(Data records)

□ □ □ □ □

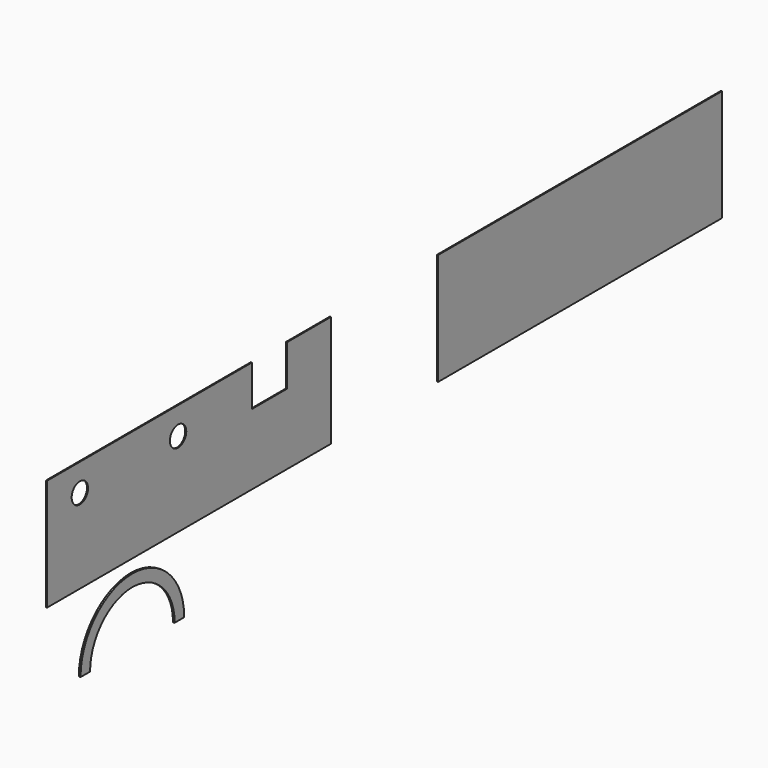
from build123d import *

# Parameters (mm, degrees)
F0_W     = 62
F0_H     = 32.75
F0_R     = 3
F1_DEPTH = 0.3
F0_W_2   = 104
F2_DEPTH = 0.5


# Not quite as in the source:
# - a feature names something its author has since deleted; it is built from what else it names


with BuildPart() as f1:
    # F0 (on Right) → F1 (new body)
    with BuildSketch(Plane.YZ):
        Polygon((-103.3088661638, 20.0492352203), (-61.3088661638, 20.0492352203), (-61.3088661638, 52.7992352203), (-77.3088661638, 52.7992352203), (-77.3088661638, 40.7992352203), (-90.3088661638, 40.7992352203), (-90.3088661638, 52.7992352203), (-103.3088661638, 52.7992352203), align=None)
        with Locations((-134.3088661638, 36.4242352203)):
            Rectangle(F0_W, F0_H)
        with Locations((-153.3088661638, 44.7992352203)):
            Circle(F0_R, mode=Mode.SUBTRACT)
        with Locations((-117.3088661638, 44.7992352203)):
            Circle(F0_R, mode=Mode.SUBTRACT)
    extrude(amount=F1_DEPTH)


with BuildPart() as f1b:
    # F0 (on Right) → F1, piece 2 (new body)
    with BuildSketch(Plane.YZ):
        with Locations((29.9911338362, 36.4242352203)):
            Rectangle(F0_W_2, F0_H)
    extrude(amount=F1_DEPTH)


with BuildPart() as f2:
    # F0 (on Right) → F2 (new body)
    with BuildSketch(Plane.YZ):
        with BuildLine():
            Line((-118.8088661638, -2.7007647797), (-115.3088661638, -2.7007647797))
            ThreePointArc((-115.3088661638, -2.7007647797), (-134.3088661638, 16.2992352203), (-153.3088661638, -2.7007647797))
            Line((-153.3088661638, -2.7007647797), (-149.8088661638, -2.7007647797))
            ThreePointArc((-149.8088661638, -2.7007647797), (-134.3088661638, 12.7992352203), (-118.8088661638, -2.7007647797))
        make_face()
    extrude(amount=F2_DEPTH)


solid = Compound([f1.part, f1b.part, f2.part])
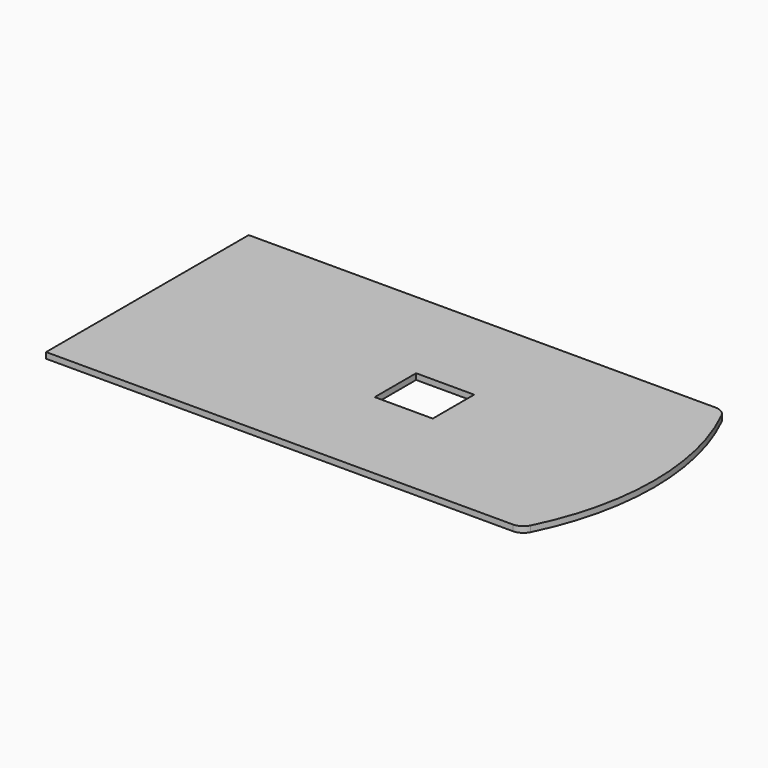
from build123d import *

# Parameters (mm, degrees)
F1_DEPTH = 28.575


# Not quite as in the source:
# - a feature names something its author has since deleted; it is built from what else it names


with BuildPart() as f1:
    # F0 (on Top) → F1 (new body)
    with BuildSketch(Plane.XY):
        with BuildLine():
            Line((1104.2429080596, 609.6), (-1143, 609.6))
            Line((-1143, 609.6), (-1143, 0))
            Line((-1143, 0), (50.8, 0))
            Line((50.8, 0), (50.8, 124.587))
            Line((50.8, 124.587), (330.2, 124.587))
            Line((330.2, 124.587), (330.2, 0))
            Line((330.2, 0), (1143, 0))
            Line((1143, 0), (1295.4, 0))
            ThreePointArc((1295.4, 0), (1261.3943180258, 294.8652818701), (1161.1626455885, 574.2494845361))
            ThreePointArc((1161.1626455885, 574.2494845361), (1137.7448313773, 600.0432213908), (1104.2429080596, 609.6))
        make_face()
        with BuildLine():
            Line((50.8, 0), (-1143, 0))
            Line((-1143, 0), (-1143, -609.6))
            Line((-1143, -609.6), (1104.2429080596, -609.6))
            ThreePointArc((1104.2429080596, -609.6), (1137.7448313773, -600.0432213908), (1161.1626455885, -574.2494845361))
            ThreePointArc((1161.1626455885, -574.2494845361), (1261.3943180258, -294.8652818701), (1295.4, 0))
            Line((1295.4, 0), (1143, 0))
            Line((1143, 0), (330.2, 0))
            Line((330.2, 0), (330.2, -124.587))
            Line((330.2, -124.587), (50.8, -124.587))
            Line((50.8, -124.587), (50.8, 0))
        make_face()
    extrude(amount=F1_DEPTH)


solid = f1.part

□ □ □ □ □

A verbatim copy of the records is expected, from their first line through the line with "Rectangle(F0_W, F0_H)", inclusive, with the pictures removed.

**YOUR SOLUTION**
from build123d import *

# Parameters (mm, degrees)
F0_W     = 62
F0_H     = 32.75
F0_R     = 3
F1_DEPTH = 0.3
F0_W_2   = 104
F2_DEPTH = 0.5


# Not quite as in the source:
# - a feature names something its author has since deleted; it is built from what else it names


with BuildPart() as f1:
    # F0 (on Right) → F1 (new body)
    with BuildSketch(Plane.YZ):
        Polygon((-103.3088661638, 20.0492352203), (-61.3088661638, 20.0492352203), (-61.3088661638, 52.7992352203), (-77.3088661638, 52.7992352203), (-77.3088661638, 40.7992352203), (-90.3088661638, 40.7992352203), (-90.3088661638, 52.7992352203), (-103.3088661638, 52.7992352203), align=None)
        with Locations((-134.3088661638, 36.4242352203)):
            Rectangle(F0_W, F0_H)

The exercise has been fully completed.